State how many lines in these records contain the word "DrawingSheet", and nothing else.

◇ ◇ ◇ ◇ ◇ ◇ ◇

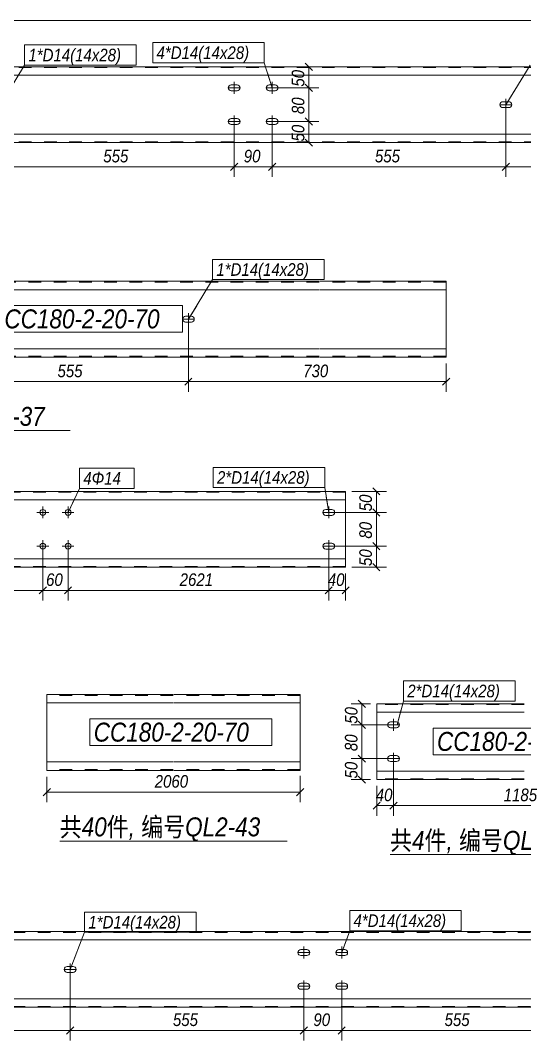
# Model space of a CAD drawing. Header units: millimetres. Extents: x 181 to 4047, y 165 to 2266.
# Drawn here: x 3260.7 to 3340.5, y 778.9 to 940.3 of the extents above; entities that cross this region are included whole.
import ezdxf

# ---------------------------------------------------------------- set-up
doc = ezdxf.new("R2010")
doc.units = ezdxf.units.MM
doc.linetypes.add('XKITLINE00', pattern=[0])
doc.linetypes.add('XKITLINE02', pattern=[4, 2, -2])
for name, color, linetype, lineweight in [('Bolt', 7, 'Continuous', 0), ('BoltMark', 3, 'Continuous', 0), ('DrawingSheet', 5, 'Continuous', 0), ('OtherObjectType', 1, 'Continuous', 0), ('Part', 2, 'Continuous', 0), ('PartMark', 3, 'Continuous', 0), ('Z-DIMENSIONS', 1, 'Continuous', 0)]:
    doc.layers.add(name, color=color, linetype=linetype, lineweight=lineweight)
doc.styles.add('Arial Italic', font='ariali.ttf')

msp = doc.modelspace()

# ---------------------------------------------------------------- linework, layer by layer
at = {"layer": 'Bolt', "color": 3, "linetype": 'XKITLINE00', "lineweight": 0}
for p, q in [((3293.64, 929.79), (3293.61, 929.61)), ((3293.74, 929.94), (3293.64, 929.79)), ((3293.9, 930.05), (3293.74, 929.94)), ((3294.07, 930.08), (3293.9, 930.05)), ((3295.01, 930.08), (3294.07, 930.08)), ((3294.54, 930.55), (3294.54, 928.68)), ((3295.19, 930.05), (3295.01, 930.08)), ((3295.34, 929.94), (3295.19, 930.05)), ((3295.44, 929.79), (3295.34, 929.94)), ((3295.47, 929.61), (3295.44, 929.79)), ((3299.64, 929.79), (3299.61, 929.61)), ((3299.74, 929.94), (3299.64, 929.79)), ((3299.9, 930.05), (3299.74, 929.94)), ((3300.07, 930.08), (3299.9, 930.05)), ((3301.01, 930.08), (3300.07, 930.08)), ((3300.54, 930.55), (3300.54, 928.68)), ((3301.19, 930.05), (3301.01, 930.08)), ((3301.34, 929.94), (3301.19, 930.05)), ((3301.44, 929.79), (3301.34, 929.94)), ((3301.47, 929.61), (3301.44, 929.79)), ((3293.61, 929.61), (3293.61, 929.61)), ((3293.61, 929.61), (3293.64, 929.44)), ((3295.47, 929.61), (3293.61, 929.61)), ((3293.64, 929.44), (3293.74, 929.28)), ((3293.74, 929.28), (3293.9, 929.18)), ((3293.9, 929.18), (3294.07, 929.15)), ((3294.07, 929.15), (3295.01, 929.15)), ((3295.01, 929.15), (3295.19, 929.18)), ((3295.19, 929.18), (3295.34, 929.28)), ((3295.34, 929.28), (3295.44, 929.44)), ((3295.44, 929.44), (3295.47, 929.61)), ((3295.47, 929.61), (3295.47, 929.61)), ((3299.61, 929.61), (3299.61, 929.61)), ((3299.61, 929.61), (3299.64, 929.44)), ((3301.47, 929.61), (3299.61, 929.61)), ((3299.64, 929.44), (3299.74, 929.28)), ((3299.74, 929.28), (3299.9, 929.18)), ((3299.9, 929.18), (3300.07, 929.15)), ((3300.07, 929.15), (3301.01, 929.15)), ((3301.01, 929.15), (3301.19, 929.18)), ((3301.19, 929.18), (3301.34, 929.28)), ((3301.34, 929.28), (3301.44, 929.44)), ((3301.44, 929.44), (3301.47, 929.61)), ((3301.47, 929.61), (3301.47, 929.61)), ((3336.64, 927.13), (3336.61, 926.95)), ((3336.61, 926.95), (3336.61, 926.95)), ((3336.61, 926.95), (3336.64, 926.77)), ((3338.47, 926.95), (3336.61, 926.95)), ((3336.74, 927.28), (3336.64, 927.13)), ((3336.64, 926.77), (3336.74, 926.62)), ((3336.9, 927.38), (3336.74, 927.28)), ((3336.74, 926.62), (3336.9, 926.52)), ((3337.07, 927.41), (3336.9, 927.38)), ((3336.9, 926.52), (3337.07, 926.48)), ((3338.01, 927.41), (3337.07, 927.41)), ((3337.07, 926.48), (3338.01, 926.48)), ((3337.54, 927.88), (3337.54, 926.01)), ((3338.19, 927.38), (3338.01, 927.41)), ((3338.01, 926.48), (3338.19, 926.52)), ((3338.34, 927.28), (3338.19, 927.38)), ((3338.19, 926.52), (3338.34, 926.62)), ((3338.44, 927.13), (3338.34, 927.28)), ((3338.34, 926.62), (3338.44, 926.77)), ((3338.47, 926.95), (3338.44, 927.13)), ((3338.44, 926.77), (3338.47, 926.95)), ((3338.47, 926.95), (3338.47, 926.95)), ((3294.54, 925.21), (3294.54, 923.35)), ((3300.54, 925.21), (3300.54, 923.35)), ((3293.64, 924.46), (3293.61, 924.28)), ((3293.61, 924.28), (3293.61, 924.28)), ((3293.61, 924.28), (3293.64, 924.1)), ((3295.47, 924.28), (3293.61, 924.28)), ((3293.74, 924.61), (3293.64, 924.46)), ((3293.64, 924.1), (3293.74, 923.95)), ((3293.9, 924.71), (3293.74, 924.61)), ((3293.74, 923.95), (3293.9, 923.85)), ((3294.07, 924.75), (3293.9, 924.71)), ((3293.9, 923.85), (3294.07, 923.81)), ((3295.01, 924.75), (3294.07, 924.75)), ((3294.07, 923.81), (3295.01, 923.81)), ((3295.19, 924.71), (3295.01, 924.75)), ((3295.01, 923.81), (3295.19, 923.85)), ((3295.34, 924.61), (3295.19, 924.71)), ((3295.19, 923.85), (3295.34, 923.95)), ((3295.44, 924.46), (3295.34, 924.61)), ((3295.34, 923.95), (3295.44, 924.1)), ((3295.47, 924.28), (3295.44, 924.46)), ((3295.44, 924.1), (3295.47, 924.28)), ((3295.47, 924.28), (3295.47, 924.28)), ((3299.64, 924.46), (3299.61, 924.28)), ((3299.61, 924.28), (3299.61, 924.28)), ((3299.61, 924.28), (3299.64, 924.1)), ((3301.47, 924.28), (3299.61, 924.28)), ((3299.74, 924.61), (3299.64, 924.46)), ((3299.64, 924.1), (3299.74, 923.95)), ((3299.9, 924.71), (3299.74, 924.61)), ((3299.74, 923.95), (3299.9, 923.85)), ((3300.07, 924.75), (3299.9, 924.71)), ((3299.9, 923.85), (3300.07, 923.81)), ((3301.01, 924.75), (3300.07, 924.75)), ((3300.07, 923.81), (3301.01, 923.81)), ((3301.19, 924.71), (3301.01, 924.75)), ((3301.01, 923.81), (3301.19, 923.85)), ((3301.34, 924.61), (3301.19, 924.71)), ((3301.19, 923.85), (3301.34, 923.95)), ((3301.44, 924.46), (3301.34, 924.61)), ((3301.34, 923.95), (3301.44, 924.1)), ((3301.47, 924.28), (3301.44, 924.46)), ((3301.44, 924.1), (3301.47, 924.28)), ((3301.47, 924.28), (3301.47, 924.28)), ((3286.39, 893.19), (3286.36, 893.01)), ((3286.36, 893.01), (3286.36, 893.01)), ((3286.36, 893.01), (3286.39, 892.83)), ((3288.22, 893.01), (3286.36, 893.01)), ((3286.49, 893.34), (3286.39, 893.19)), ((3286.39, 892.83), (3286.49, 892.68)), ((3286.65, 893.44), (3286.49, 893.34)), ((3286.49, 892.68), (3286.65, 892.58)), ((3286.82, 893.48), (3286.65, 893.44)), ((3286.65, 892.58), (3286.82, 892.54)), ((3287.76, 893.48), (3286.82, 893.48)), ((3287.29, 893.94), (3287.29, 892.08)), ((3287.94, 893.44), (3287.76, 893.48)), ((3287.76, 892.54), (3287.94, 892.58)), ((3288.09, 893.34), (3287.94, 893.44)), ((3287.94, 892.58), (3288.09, 892.68)), ((3288.19, 893.19), (3288.09, 893.34)), ((3288.09, 892.68), (3288.19, 892.83)), ((3288.22, 893.01), (3288.19, 893.19)), ((3288.19, 892.83), (3288.22, 893.01)), ((3288.22, 893.01), (3288.22, 893.01)), ((3286.82, 892.54), (3287.76, 892.54)), ((3263.31, 862.44), (3265.18, 862.44)), ((3264.25, 861.51), (3264.25, 863.37)), ((3267.31, 862.44), (3269.18, 862.44)), ((3268.25, 861.51), (3268.25, 863.37)), ((3308.61, 862.62), (3308.57, 862.44)), ((3308.57, 862.44), (3308.57, 862.44)), ((3308.57, 862.44), (3308.61, 862.26)), ((3308.57, 862.44), (3310.44, 862.44)), ((3308.71, 862.77), (3308.61, 862.62)), ((3308.61, 862.26), (3308.71, 862.11)), ((3308.86, 862.87), (3308.71, 862.77)), ((3308.71, 862.11), (3308.86, 862.01)), ((3309.04, 862.91), (3308.86, 862.87)), ((3308.86, 862.01), (3309.04, 861.97)), ((3309.97, 862.91), (3309.04, 862.91)), ((3309.04, 861.97), (3309.97, 861.97)), ((3309.51, 861.51), (3309.51, 863.37)), ((3310.15, 862.87), (3309.97, 862.91)), ((3309.97, 861.97), (3310.15, 862.01)), ((3310.3, 862.77), (3310.15, 862.87)), ((3310.15, 862.01), (3310.3, 862.11)), ((3310.4, 862.62), (3310.3, 862.77)), ((3310.3, 862.11), (3310.4, 862.26)), ((3310.44, 862.44), (3310.4, 862.62)), ((3310.4, 862.26), (3310.44, 862.44)), ((3310.44, 862.44), (3310.44, 862.44)), ((3263.31, 857.11), (3265.18, 857.11)), ((3264.25, 856.17), (3264.25, 858.04)), ((3267.31, 857.11), (3269.18, 857.11)), ((3268.25, 856.17), (3268.25, 858.04)), ((3308.61, 857.29), (3308.57, 857.11)), ((3308.57, 857.11), (3308.57, 857.11)), ((3308.57, 857.11), (3308.61, 856.93)), ((3308.57, 857.11), (3310.44, 857.11)), ((3308.71, 857.44), (3308.61, 857.29)), ((3308.86, 857.54), (3308.71, 857.44)), ((3309.04, 857.57), (3308.86, 857.54)), ((3309.97, 857.57), (3309.04, 857.57)), ((3309.51, 856.17), (3309.51, 858.04)), ((3310.15, 857.54), (3309.97, 857.57)), ((3310.3, 857.44), (3310.15, 857.54)), ((3310.4, 857.29), (3310.3, 857.44)), ((3310.44, 857.11), (3310.4, 857.29)), ((3310.4, 856.93), (3310.44, 857.11)), ((3310.44, 857.11), (3310.44, 857.11)), ((3308.61, 856.93), (3308.71, 856.78)), ((3308.71, 856.78), (3308.86, 856.68)), ((3308.86, 856.68), (3309.04, 856.64)), ((3309.04, 856.64), (3309.97, 856.64)), ((3309.97, 856.64), (3310.15, 856.68)), ((3310.15, 856.68), (3310.3, 856.78)), ((3310.3, 856.78), (3310.4, 856.93)), ((3319.77, 829.76), (3319.77, 827.89)), ((3318.87, 829.01), (3318.83, 828.83)), ((3318.83, 828.83), (3318.83, 828.83)), ((3318.83, 828.83), (3318.87, 828.65)), ((3320.7, 828.83), (3318.83, 828.83)), ((3318.97, 829.16), (3318.87, 829.01)), ((3318.87, 828.65), (3318.97, 828.5)), ((3319.12, 829.26), (3318.97, 829.16)), ((3318.97, 828.5), (3319.12, 828.4)), ((3319.3, 829.29), (3319.12, 829.26)), ((3319.12, 828.4), (3319.3, 828.36)), ((3320.23, 829.29), (3319.3, 829.29)), ((3319.3, 828.36), (3320.23, 828.36)), ((3320.41, 829.26), (3320.23, 829.29)), ((3320.23, 828.36), (3320.41, 828.4)), ((3320.56, 829.16), (3320.41, 829.26)), ((3320.41, 828.4), (3320.56, 828.5)), ((3320.67, 829.01), (3320.56, 829.16)), ((3320.56, 828.5), (3320.67, 828.65)), ((3320.7, 828.83), (3320.67, 829.01)), ((3320.67, 828.65), (3320.7, 828.83)), ((3320.7, 828.83), (3320.7, 828.83)), ((3318.87, 823.67), (3318.83, 823.49)), ((3318.83, 823.49), (3318.83, 823.49)), ((3318.83, 823.49), (3318.87, 823.32)), ((3320.7, 823.49), (3318.83, 823.49)), ((3318.97, 823.82), (3318.87, 823.67)), ((3318.87, 823.32), (3318.97, 823.16)), ((3319.12, 823.92), (3318.97, 823.82)), ((3318.97, 823.16), (3319.12, 823.06)), ((3319.3, 823.96), (3319.12, 823.92)), ((3320.23, 823.96), (3319.3, 823.96)), ((3319.77, 824.43), (3319.77, 822.56)), ((3320.41, 823.92), (3320.23, 823.96)), ((3320.56, 823.82), (3320.41, 823.92)), ((3320.41, 823.06), (3320.56, 823.16)), ((3320.67, 823.67), (3320.56, 823.82)), ((3320.56, 823.16), (3320.67, 823.32)), ((3320.7, 823.49), (3320.67, 823.67)), ((3320.67, 823.32), (3320.7, 823.49)), ((3320.7, 823.49), (3320.7, 823.49)), ((3319.12, 823.06), (3319.3, 823.03)), ((3319.3, 823.03), (3320.23, 823.03)), ((3320.23, 823.03), (3320.41, 823.06)), ((3304.67, 792.98), (3304.63, 792.8)), ((3304.63, 792.8), (3304.63, 792.8)), ((3304.63, 792.8), (3304.67, 792.62)), ((3306.5, 792.8), (3304.63, 792.8)), ((3304.77, 793.13), (3304.67, 792.98)), ((3304.67, 792.62), (3304.77, 792.47)), ((3304.92, 793.23), (3304.77, 793.13)), ((3305.1, 793.27), (3304.92, 793.23)), ((3306.03, 793.27), (3305.1, 793.27)), ((3305.56, 793.74), (3305.56, 791.87)), ((3306.21, 793.23), (3306.03, 793.27)), ((3306.36, 793.13), (3306.21, 793.23)), ((3306.46, 792.98), (3306.36, 793.13)), ((3306.36, 792.47), (3306.46, 792.62)), ((3306.5, 792.8), (3306.46, 792.98)), ((3306.46, 792.62), (3306.5, 792.8)), ((3306.5, 792.8), (3306.5, 792.8)), ((3310.67, 792.98), (3310.63, 792.8)), ((3310.63, 792.8), (3310.63, 792.8)), ((3310.63, 792.8), (3310.67, 792.62)), ((3312.5, 792.8), (3310.63, 792.8)), ((3310.77, 793.13), (3310.67, 792.98)), ((3310.67, 792.62), (3310.77, 792.47)), ((3310.92, 793.23), (3310.77, 793.13)), ((3311.1, 793.27), (3310.92, 793.23)), ((3312.03, 793.27), (3311.1, 793.27)), ((3311.56, 793.74), (3311.56, 791.87)), ((3312.21, 793.23), (3312.03, 793.27)), ((3312.36, 793.13), (3312.21, 793.23)), ((3312.46, 792.98), (3312.36, 793.13)), ((3312.36, 792.47), (3312.46, 792.62)), ((3312.5, 792.8), (3312.46, 792.98)), ((3312.46, 792.62), (3312.5, 792.8)), ((3312.5, 792.8), (3312.5, 792.8)), ((3268.56, 791.07), (3268.56, 789.2)), ((3304.77, 792.47), (3304.92, 792.37)), ((3304.92, 792.37), (3305.1, 792.34)), ((3305.1, 792.34), (3306.03, 792.34)), ((3306.03, 792.34), (3306.21, 792.37)), ((3306.21, 792.37), (3306.36, 792.47)), ((3310.77, 792.47), (3310.92, 792.37)), ((3310.92, 792.37), (3311.1, 792.34)), ((3311.1, 792.34), (3312.03, 792.34)), ((3312.03, 792.34), (3312.21, 792.37)), ((3312.21, 792.37), (3312.36, 792.47)), ((3267.67, 790.32), (3267.63, 790.14)), ((3267.63, 790.14), (3267.63, 790.14)), ((3267.63, 790.14), (3267.67, 789.96)), ((3269.5, 790.14), (3267.63, 790.14)), ((3267.77, 790.47), (3267.67, 790.32)), ((3267.67, 789.96), (3267.77, 789.81)), ((3267.92, 790.57), (3267.77, 790.47)), ((3267.77, 789.81), (3267.92, 789.71)), ((3268.1, 790.6), (3267.92, 790.57)), ((3267.92, 789.71), (3268.1, 789.67)), ((3269.03, 790.6), (3268.1, 790.6)), ((3268.1, 789.67), (3269.03, 789.67)), ((3269.21, 790.57), (3269.03, 790.6)), ((3269.03, 789.67), (3269.21, 789.71)), ((3269.36, 790.47), (3269.21, 790.57)), ((3269.21, 789.71), (3269.36, 789.81)), ((3269.46, 790.32), (3269.36, 790.47)), ((3269.36, 789.81), (3269.46, 789.96)), ((3269.5, 790.14), (3269.46, 790.32)), ((3269.46, 789.96), (3269.5, 790.14)), ((3269.5, 790.14), (3269.5, 790.14)), ((3304.77, 787.8), (3304.67, 787.65)), ((3304.92, 787.9), (3304.77, 787.8)), ((3305.1, 787.94), (3304.92, 787.9)), ((3306.03, 787.94), (3305.1, 787.94)), ((3305.56, 788.4), (3305.56, 786.54)), ((3306.21, 787.9), (3306.03, 787.94)), ((3306.36, 787.8), (3306.21, 787.9)), ((3306.46, 787.65), (3306.36, 787.8)), ((3310.77, 787.8), (3310.67, 787.65)), ((3310.92, 787.9), (3310.77, 787.8)), ((3311.1, 787.94), (3310.92, 787.9)), ((3312.03, 787.94), (3311.1, 787.94)), ((3311.56, 788.4), (3311.56, 786.54)), ((3312.21, 787.9), (3312.03, 787.94)), ((3312.36, 787.8), (3312.21, 787.9)), ((3312.46, 787.65), (3312.36, 787.8)), ((3304.67, 787.65), (3304.63, 787.47)), ((3304.63, 787.47), (3304.63, 787.47)), ((3304.63, 787.47), (3304.67, 787.29)), ((3306.5, 787.47), (3304.63, 787.47)), ((3304.67, 787.29), (3304.77, 787.14)), ((3304.77, 787.14), (3304.92, 787.04)), ((3304.92, 787.04), (3305.1, 787)), ((3305.1, 787), (3306.03, 787)), ((3306.03, 787), (3306.21, 787.04)), ((3306.21, 787.04), (3306.36, 787.14)), ((3306.36, 787.14), (3306.46, 787.29)), ((3306.5, 787.47), (3306.46, 787.65)), ((3306.46, 787.29), (3306.5, 787.47)), ((3306.5, 787.47), (3306.5, 787.47)), ((3310.67, 787.65), (3310.63, 787.47)), ((3310.63, 787.47), (3310.63, 787.47)), ((3310.63, 787.47), (3310.67, 787.29)), ((3312.5, 787.47), (3310.63, 787.47)), ((3310.67, 787.29), (3310.77, 787.14)), ((3310.77, 787.14), (3310.92, 787.04)), ((3310.92, 787.04), (3311.1, 787)), ((3311.1, 787), (3312.03, 787)), ((3312.03, 787), (3312.21, 787.04)), ((3312.21, 787.04), (3312.36, 787.14)), ((3312.36, 787.14), (3312.46, 787.29)), ((3312.5, 787.47), (3312.46, 787.65)), ((3312.46, 787.29), (3312.5, 787.47)), ((3312.5, 787.47), (3312.5, 787.47))]:
    msp.add_line(p, q, dxfattribs=at)
for centre in [(3264.25, 862.44), (3268.25, 862.44), (3264.25, 857.11), (3268.25, 857.11)]:
    msp.add_circle(centre, 0.467, dxfattribs=at)
at = {"layer": 'BoltMark', "color": 3, "linetype": 'XKITLINE00', "lineweight": 0}
for p, q in [((3261.37, 936.4), (3279.03, 936.4)), ((3261.37, 933.2), (3261.37, 936.4)), ((3279.03, 933.2), (3279.03, 936.4)), ((3281.65, 936.77), (3299.31, 936.77)), ((3281.65, 933.57), (3281.65, 936.77)), ((3299.31, 933.57), (3299.31, 936.77)), ((3257.54, 926.95), (3261.37, 933.2)), ((3261.37, 933.2), (3279.03, 933.2)), ((3281.65, 933.57), (3299.31, 933.57)), ((3300.54, 929.61), (3299.31, 933.57)), ((3337.54, 926.95), (3341.37, 933.2)), ((3299.8, 932), (3300.54, 929.61)), ((3338.85, 929.08), (3337.54, 926.95)), ((3291.12, 902.47), (3308.78, 902.47)), ((3291.12, 899.27), (3291.12, 902.47)), ((3308.78, 899.27), (3308.78, 902.47)), ((3287.29, 893.01), (3291.12, 899.27)), ((3291.12, 899.27), (3308.78, 899.27)), ((3288.6, 895.14), (3287.29, 893.01)), ((3270.06, 869.45), (3278.68, 869.45)), ((3270.06, 866.25), (3270.06, 869.45)), ((3278.68, 866.25), (3278.68, 869.45)), ((3291.22, 869.57), (3308.87, 869.57)), ((3291.22, 866.37), (3291.22, 869.57)), ((3308.87, 866.37), (3308.87, 869.57)), ((3268.25, 862.44), (3270.06, 866.25)), ((3270.06, 866.25), (3278.68, 866.25)), ((3291.22, 866.37), (3308.87, 866.37)), ((3309.51, 862.44), (3308.87, 866.37)), ((3269.32, 864.7), (3268.25, 862.44)), ((3309.11, 864.91), (3309.51, 862.44)), ((3321.34, 835.79), (3339, 835.79)), ((3321.34, 832.59), (3321.34, 835.79)), ((3339, 832.59), (3339, 835.79)), ((3320.33, 828.83), (3321.34, 832.59)), ((3320.98, 831.24), (3320.33, 828.83)), ((3321.34, 832.59), (3339, 832.59)), ((3270.86, 799.21), (3288.52, 799.21)), ((3270.86, 796.01), (3270.86, 799.21)), ((3288.52, 796.01), (3288.52, 799.21)), ((3312.83, 799.45), (3330.49, 799.45)), ((3312.83, 796.25), (3312.83, 799.45)), ((3330.49, 796.25), (3330.49, 799.45)), ((3268.56, 790.14), (3270.86, 796.01)), ((3270.86, 796.01), (3288.52, 796.01)), ((3311.56, 792.8), (3312.83, 796.25)), ((3312.83, 796.25), (3330.49, 796.25)), ((3312.43, 795.15), (3311.56, 792.8)), ((3269.48, 792.46), (3268.56, 790.14))]:
    msp.add_line(p, q, dxfattribs=at)
at = {"layer": 'DrawingSheet', "color": 5, "linetype": 'XKITLINE00', "lineweight": 0}
msp.add_line((3506.76, 940.28), (3010.36, 940.28), dxfattribs=at)
at = {"layer": 'OtherObjectType', "color": 6, "linetype": 'XKITLINE00', "lineweight": 0}
for p, q in [((3234.79, 875.38), (3268.58, 875.38)), ((3266.92, 810.44), (3302.93, 810.44)), ((3319.21, 808.3), (3353, 808.3))]:
    msp.add_line(p, q, dxfattribs=at)
at = {"layer": 'Part', "color": 2, "linetype": 'XKITLINE00', "lineweight": 0}
for p, q in [((3236.61, 932.95), (3358.44, 932.95)), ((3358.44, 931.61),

◇ ◇ ◇ ◇ ◇ ◇ ◇

§ **Response**
2